In the parent workflow, we have the following callback step defined, with an action and an evaluation sub-step.

@step("Start worker to redeploy base config on selected routers")
def start_redeploy_workflows(tt_number: TTNumber, selected_routers: list[UUID], callback_route: str) -> State:
    """Start the massive ``redeploy_base_config_task`` with the selected routers."""
    wf_payloads = []
    for subscription_id in selected_routers:
        wf_payload = BulkWfPayload(
            workflow_key="redeploy_base_config",
            user_inputs=[
                {"subscription_id": str(subscription_id)},
                {"tt_number": tt_number, "is_massive_redeploy": True},
            ],
            callback_route=callback_route,
        )
        wf_payloads.append(wf_payload.model_dump())

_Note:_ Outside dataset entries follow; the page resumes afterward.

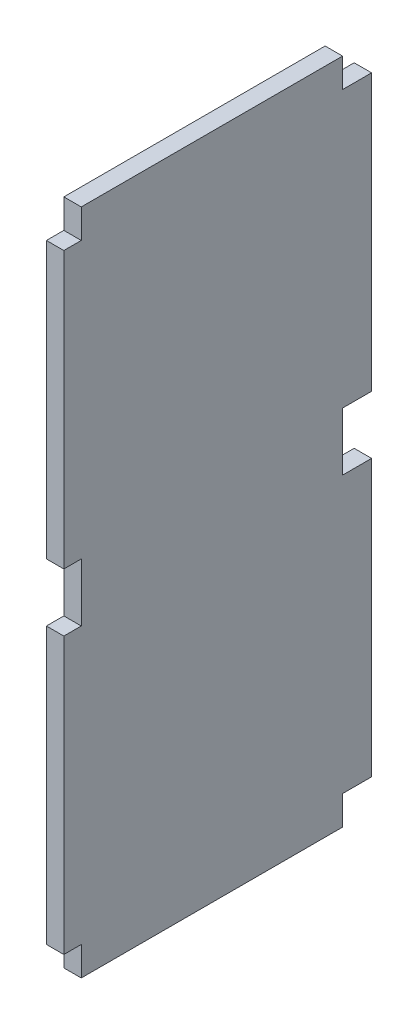
ISO-10303-21;
HEADER;
FILE_DESCRIPTION(('STEP AP214'),'2;1');
FILE_NAME('part.step','',(''),(''),'','','');
FILE_SCHEMA(('AUTOMOTIVE_DESIGN { 1 0 10303 214 1 1 1 1 }'));
ENDSEC;
DATA;
#1=APPLICATION_CONTEXT('core data for automotive mechanical design processes');
#2=APPLICATION_PROTOCOL_DEFINITION('international standard','automotive_design',2000,#1);
#3=PRODUCT_CONTEXT('',#1,'mechanical');
#4=PRODUCT('Part','Part','',(#3));
#5=PRODUCT_RELATED_PRODUCT_CATEGORY('part','',(#4));
#6=PRODUCT_DEFINITION_FORMATION('','',#4);
#7=PRODUCT_DEFINITION_CONTEXT('part definition',#1,'design');
#8=PRODUCT_DEFINITION('design','',#6,#7);
#9=PRODUCT_DEFINITION_SHAPE('','',#8);
#10=(LENGTH_UNIT() NAMED_UNIT(*) SI_UNIT(.MILLI.,.METRE.));
#11=(NAMED_UNIT(*) PLANE_ANGLE_UNIT() SI_UNIT($,.RADIAN.));
#12=(NAMED_UNIT(*) SI_UNIT($,.STERADIAN.) SOLID_ANGLE_UNIT());
#13=UNCERTAINTY_MEASURE_WITH_UNIT(LENGTH_MEASURE(1.E-05),#10,'distance_accuracy_value','');
#14=(GEOMETRIC_REPRESENTATION_CONTEXT(3) GLOBAL_UNCERTAINTY_ASSIGNED_CONTEXT((#13)) GLOBAL_UNIT_ASSIGNED_CONTEXT((#10,
#11,#12)) REPRESENTATION_CONTEXT('',''));
#15=CARTESIAN_POINT('',(0.,0.,0.));
#16=DIRECTION('',(0.,0.,1.));
#17=DIRECTION('',(1.,0.,0.));
#18=AXIS2_PLACEMENT_3D('',#15,#16,#17);
#19=CARTESIAN_POINT('',(6.49999999999999,52.5,153.04284840007));
#20=DIRECTION('',(0.,-1.,0.));
#21=DIRECTION('',(0.,0.,-1.));
#22=AXIS2_PLACEMENT_3D('',#19,#20,#21);
#23=PLANE('',#22);
#24=DIRECTION('',(0.,0.,-1.));
#25=VECTOR('',#24,1.);
#26=CARTESIAN_POINT('',(3.49999999999999,52.5,153.04284840007));
#27=LINE('',#26,#25);
#28=CARTESIAN_POINT('',(3.49999999999999,52.5,0.));
#29=VERTEX_POINT('',#28);
#30=CARTESIAN_POINT('',(3.49999999999999,52.5,-5.00000000000003));
#31=VERTEX_POINT('',#30);
#32=EDGE_CURVE('E213',#29,#31,#27,.T.);
#33=ORIENTED_EDGE('',*,*,#32,.F.);
#34=DIRECTION('',(1.,0.,0.));
#35=VECTOR('',#34,1.);
#36=CARTESIAN_POINT('',(3.49999999999999,52.5,0.));
#37=LINE('',#36,#35);
#38=CARTESIAN_POINT('',(6.50000000000004,52.5,0.));
#39=VERTEX_POINT('',#38);
#40=EDGE_CURVE('E197',#29,#39,#37,.T.);
#41=ORIENTED_EDGE('',*,*,#40,.T.);
#42=DIRECTION('',(0.,0.,-1.));
#43=VECTOR('',#42,1.);
#44=CARTESIAN_POINT('',(6.49999999999999,52.5,153.04284840007));
#45=LINE('',#44,#43);
#46=CARTESIAN_POINT('',(6.49999999999999,52.5,-5.));
#47=VERTEX_POINT('',#46);
#48=EDGE_CURVE('E241',#39,#47,#45,.T.);
#49=ORIENTED_EDGE('',*,*,#48,.T.);
#50=DIRECTION('',(1.,0.,0.));
#51=VECTOR('',#50,1.);
#52=CARTESIAN_POINT('',(6.49999999999999,52.5,-5.));
#53=LINE('',#52,#51);
#54=EDGE_CURVE('E237',#31,#47,#53,.T.);
#55=ORIENTED_EDGE('',*,*,#54,.F.);
#56=EDGE_LOOP('',(#33,#41,#49,#55));
#57=FACE_BOUND('',#56,.T.);
#58=ADVANCED_FACE('F39',(#57),#23,.F.);
#59=CARTESIAN_POINT('',(6.50000000000001,-52.5,153.04284840007));
#60=DIRECTION('',(0.,1.,0.));
#61=DIRECTION('',(0.,0.,1.));
#62=AXIS2_PLACEMENT_3D('',#59,#60,#61);
#63=PLANE('',#62);
#64=DIRECTION('',(-1.,0.,0.));
#65=VECTOR('',#64,1.);
#66=CARTESIAN_POINT('',(3.49999999999999,-52.5,45.));
#67=LINE('',#66,#65);
#68=CARTESIAN_POINT('',(6.50000000000001,-52.5,45.));
#69=VERTEX_POINT('',#68);
#70=CARTESIAN_POINT('',(3.5,-52.5,45.));
#71=VERTEX_POINT('',#70);
#72=EDGE_CURVE('E64',#69,#71,#67,.T.);
#73=ORIENTED_EDGE('',*,*,#72,.F.);
#74=DIRECTION('',(0.,0.,-1.));
#75=VECTOR('',#74,1.);
#76=CARTESIAN_POINT('',(6.50000000000001,-52.5,153.04284840007));
#77=LINE('',#76,#75);
#78=CARTESIAN_POINT('',(6.50000000000001,-52.5,48.));
#79=VERTEX_POINT('',#78);
#80=EDGE_CURVE('E246',#79,#69,#77,.T.);
#81=ORIENTED_EDGE('',*,*,#80,.F.);
#82=DIRECTION('',(1.,0.,0.));
#83=VECTOR('',#82,1.);
#84=CARTESIAN_POINT('',(6.50000000000001,-52.5,48.));
#85=LINE('',#84,#83);
#86=CARTESIAN_POINT('',(3.5,-52.5,48.));
#87=VERTEX_POINT('',#86);
#88=EDGE_CURVE('E254',#87,#79,#85,.T.);
#89=ORIENTED_EDGE('',*,*,#88,.F.);
#90=DIRECTION('',(0.,0.,-1.));
#91=VECTOR('',#90,1.);
#92=CARTESIAN_POINT('',(3.5,-52.5,153.04284840007));
#93=LINE('',#92,#91);
#94=EDGE_CURVE('E268',#87,#71,#93,.T.);
#95=ORIENTED_EDGE('',*,*,#94,.T.);
#96=EDGE_LOOP('',(#73,#81,#89,#95));
#97=FACE_BOUND('',#96,.T.);
#98=ADVANCED_FACE('F311',(#97),#63,.F.);
#99=DIRECTION('',(1.,0.,0.));
#100=VECTOR('',#99,1.);
#101=CARTESIAN_POINT('',(3.49999999999999,-52.5,0.));
#102=LINE('',#101,#100);
#103=CARTESIAN_POINT('',(3.5,-52.5,0.));
#104=VERTEX_POINT('',#103);
#105=CARTESIAN_POINT('',(6.50000000000004,-52.5,0.));
#106=VERTEX_POINT('',#105);
#107=EDGE_CURVE('E186',#104,#106,#102,.T.);
#108=ORIENTED_EDGE('',*,*,#107,.F.);
#109=CARTESIAN_POINT('',(3.5,-52.5,-5.));
#110=VERTEX_POINT('',#109);
#111=EDGE_CURVE('E239',#104,#110,#93,.T.);
#112=ORIENTED_EDGE('',*,*,#111,.T.);
#113=DIRECTION('',(-1.,0.,0.));
#114=VECTOR('',#113,1.);
#115=CARTESIAN_POINT('',(6.50000000000001,-52.5,-5.));
#116=LINE('',#115,#114);
#117=CARTESIAN_POINT('',(6.50000000000001,-52.5,-5.));
#118=VERTEX_POINT('',#117);
#119=EDGE_CURVE('E348',#118,#110,#116,.T.);
#120=ORIENTED_EDGE('',*,*,#119,.F.);
#121=EDGE_CURVE('E315',#106,#118,#77,.T.);
#122=ORIENTED_EDGE('',*,*,#121,.F.);
#123=EDGE_LOOP('',(#108,#112,#120,#122));
#124=FACE_BOUND('',#123,.T.);
#125=ADVANCED_FACE('F362',(#124),#63,.F.);
#126=CARTESIAN_POINT('',(0.,0.,-5.));
#127=DIRECTION('',(0.,0.,1.));
#128=DIRECTION('',(0.,-1.,0.));
#129=AXIS2_PLACEMENT_3D('',#126,#127,#128);
#130=PLANE('',#129);
#131=DIRECTION('',(0.,1.,0.));
#132=VECTOR('',#131,1.);
#133=CARTESIAN_POINT('',(3.49999999999999,52.5,-5.));
#134=LINE('',#133,#132);
#135=CARTESIAN_POINT('',(3.49999999999999,-5.,-5.));
#136=VERTEX_POINT('',#135);
#137=EDGE_CURVE('E345',#110,#136,#134,.T.);
#138=ORIENTED_EDGE('',*,*,#137,.T.);
#139=DIRECTION('',(1.,0.,0.));
#140=VECTOR('',#139,1.);
#141=CARTESIAN_POINT('',(0.,-5.,-5.));
#142=LINE('',#141,#140);
#143=CARTESIAN_POINT('',(6.5,-5.,-5.));
#144=VERTEX_POINT('',#143);
#145=EDGE_CURVE('E48',#136,#144,#142,.T.);
#146=ORIENTED_EDGE('',*,*,#145,.T.);
#147=DIRECTION('',(0.,-1.,0.));
#148=VECTOR('',#147,1.);
#149=CARTESIAN_POINT('',(6.49999999999999,52.5,-5.));
#150=LINE('',#149,#148);
#151=EDGE_CURVE('E350',#144,#118,#150,.T.);
#152=ORIENTED_EDGE('',*,*,#151,.T.);
#153=ORIENTED_EDGE('',*,*,#119,.T.);
#154=EDGE_LOOP('',(#138,#146,#152,#153));
#155=FACE_BOUND('',#154,.T.);
#156=ADVANCED_FACE('F358',(#155),#130,.F.);
#157=CARTESIAN_POINT('',(0.,0.,48.));
#158=DIRECTION('',(0.,0.,1.));
#159=DIRECTION('',(0.,-1.,0.));
#160=AXIS2_PLACEMENT_3D('',#157,#158,#159);
#161=PLANE('',#160);
#162=DIRECTION('',(-1.,0.,0.));
#163=VECTOR('',#162,1.);
#164=CARTESIAN_POINT('',(0.,5.,48.));
#165=LINE('',#164,#163);
#166=CARTESIAN_POINT('',(6.5,5.,48.));
#167=VERTEX_POINT('',#166);
#168=CARTESIAN_POINT('',(3.49999999999999,5.,48.));
#169=VERTEX_POINT('',#168);
#170=EDGE_CURVE('E278',#167,#169,#165,.T.);
#171=ORIENTED_EDGE('',*,*,#170,.F.);
#172=DIRECTION('',(0.,1.,0.));
#173=VECTOR('',#172,1.);
#174=CARTESIAN_POINT('',(6.49999999999999,52.5,48.));
#175=LINE('',#174,#173);
#176=CARTESIAN_POINT('',(6.49999999999999,52.5,48.));
#177=VERTEX_POINT('',#176);
#178=EDGE_CURVE('E302',#167,#177,#175,.T.);
#179=ORIENTED_EDGE('',*,*,#178,.T.);
#180=DIRECTION('',(-1.,0.,0.));
#181=VECTOR('',#180,1.);
#182=CARTESIAN_POINT('',(6.49999999999999,52.5,48.));
#183=LINE('',#182,#181);
#184=CARTESIAN_POINT('',(3.49999999999999,52.5,48.));
#185=VERTEX_POINT('',#184);
#186=EDGE_CURVE('E296',#177,#185,#183,.T.);
#187=ORIENTED_EDGE('',*,*,#186,.T.);
#188=DIRECTION('',(0.,-1.,0.));
#189=VECTOR('',#188,1.);
#190=CARTESIAN_POINT('',(3.49999999999999,52.5,48.));
#191=LINE('',#190,#189);
#192=EDGE_CURVE('E281',#185,#169,#191,.T.);
#193=ORIENTED_EDGE('',*,*,#192,.T.);
#194=EDGE_LOOP('',(#171,#179,#187,#193));
#195=FACE_BOUND('',#194,.T.);
#196=ADVANCED_FACE('F440',(#195),#161,.T.);
#197=CARTESIAN_POINT('',(6.49999999999999,52.5,153.04284840007));
#198=DIRECTION('',(-1.,0.,0.));
#199=DIRECTION('',(0.,-1.,0.));
#200=AXIS2_PLACEMENT_3D('',#197,#198,#199);
#201=PLANE('',#200);
#202=ORIENTED_EDGE('',*,*,#151,.F.);
#203=DIRECTION('',(0.,0.,-1.));
#204=VECTOR('',#203,1.);
#205=CARTESIAN_POINT('',(6.5,-5.,-5.));
#206=LINE('',#205,#204);
#207=CARTESIAN_POINT('',(6.5,-5.,0.));
#208=VERTEX_POINT('',#207);
#209=EDGE_CURVE('E400',#208,#144,#206,.T.);
#210=ORIENTED_EDGE('',*,*,#209,.F.);
#211=DIRECTION('',(0.,-1.,0.));
#212=VECTOR('',#211,1.);
#213=CARTESIAN_POINT('',(6.5,0.,0.));
#214=LINE('',#213,#212);
#215=CARTESIAN_POINT('',(6.5,5.,0.));
#216=VERTEX_POINT('',#215);
#217=EDGE_CURVE('E379',#216,#208,#214,.T.);
#218=ORIENTED_EDGE('',*,*,#217,.F.);
#219=DIRECTION('',(0.,0.,1.));
#220=VECTOR('',#219,1.);
#221=CARTESIAN_POINT('',(6.5,5.00000000000001,-5.));
#222=LINE('',#221,#220);
#223=CARTESIAN_POINT('',(6.5,5.00000000000001,-5.));
#224=VERTEX_POINT('',#223);
#225=EDGE_CURVE('E375',#224,#216,#222,.T.);
#226=ORIENTED_EDGE('',*,*,#225,.F.);
#227=EDGE_CURVE('E351',#47,#224,#150,.T.);
#228=ORIENTED_EDGE('',*,*,#227,.F.);
#229=ORIENTED_EDGE('',*,*,#48,.F.);
#230=DIRECTION('',(0.,-1.,0.));
#231=VECTOR('',#230,1.);
#232=CARTESIAN_POINT('',(6.50000000000004,57.5,0.));
#233=LINE('',#232,#231);
#234=CARTESIAN_POINT('',(6.50000000000004,57.5,0.));
#235=VERTEX_POINT('',#234);
#236=EDGE_CURVE('E220',#235,#39,#233,.T.);
#237=ORIENTED_EDGE('',*,*,#236,.F.);
#238=DIRECTION('',(0.,0.,1.));
#239=VECTOR('',#238,1.);
#240=CARTESIAN_POINT('',(6.50000000000004,57.5,0.));
#241=LINE('',#240,#239);
#242=CARTESIAN_POINT('',(6.50000000000004,57.5,45.));
#243=VERTEX_POINT('',#242);
#244=EDGE_CURVE('E200',#235,#243,#241,.T.);
#245=ORIENTED_EDGE('',*,*,#244,.T.);
#246=DIRECTION('',(0.,-1.,0.));
#247=VECTOR('',#246,1.);
#248=CARTESIAN_POINT('',(6.50000000000004,57.5,45.));
#249=LINE('',#248,#247);
#250=CARTESIAN_POINT('',(6.50000000000004,52.5,45.));
#251=VERTEX_POINT('',#250);
#252=EDGE_CURVE('E187',#243,#251,#249,.T.);
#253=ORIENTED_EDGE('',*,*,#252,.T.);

    bulk_wf_task.apply_async(args=(wf_payloads, callback_route, _SUCCESS_KEY, _FAILURE_KEY), countdown=5)
    return {_FAILURE_KEY: {}, _SUCCESS_KEY: {}}


@step("Evaluate provisioning proxy result")
def evaluate_results(callback_result: dict) -> State:
    """Evaluate the result of the provisioning proxy callback."""
    failed_wfs = callback_result.pop(_FAILURE_KEY, {})
    successful_wfs = callback_result.pop(_SUCCESS_KEY, {})
    return {"callback_result": callback_result, _FAILURE_KEY: failed_wfs, _SUCCESS_KEY: successful_wfs}

Then in the StepList of the workflow:

callback_step(
    name="Start running redeploy workflows on selected routers",
    action_step=start_redeploy_workflows,
    validate_step=evaluate_results,
)

The parent workflow does not handle retrying child workflows. This is an exercise left to the operator.

sequenceDiagram
  actor P as Parent<br/>workflow
  participant B@{ "type" : "control" } as Celery
  participant C@{ "type" : "collections" } as Child<br/>workflows
  P->>B: Submit bulk workflow task
  par For each selected subscription
    B-)C: Start workflow
  end
  C->>B: Complete workflow
  alt At least one child workflow has failed
    B->>P: Fail the parent workflow
    Note right of C: If the child workflow has failed,<br/>the operator has to resolve<br/>this manually.
    alt
      C->>C: Retry workflow
    else
      C--xC: Abort workflow
    end
  else All child workflows have completed
    B->>P: Complete parent workflow
  end

Once all child workflows are in a state that is not failed, the evaluation step of the parent workflow will report a success. Note that we do not check if the state is success. This allows for the operator to make the call to abort the child workflow for whatever reason. If this happens, the operator is responsible for any potential manual cleanup, but the parent workflow can now finish successfully.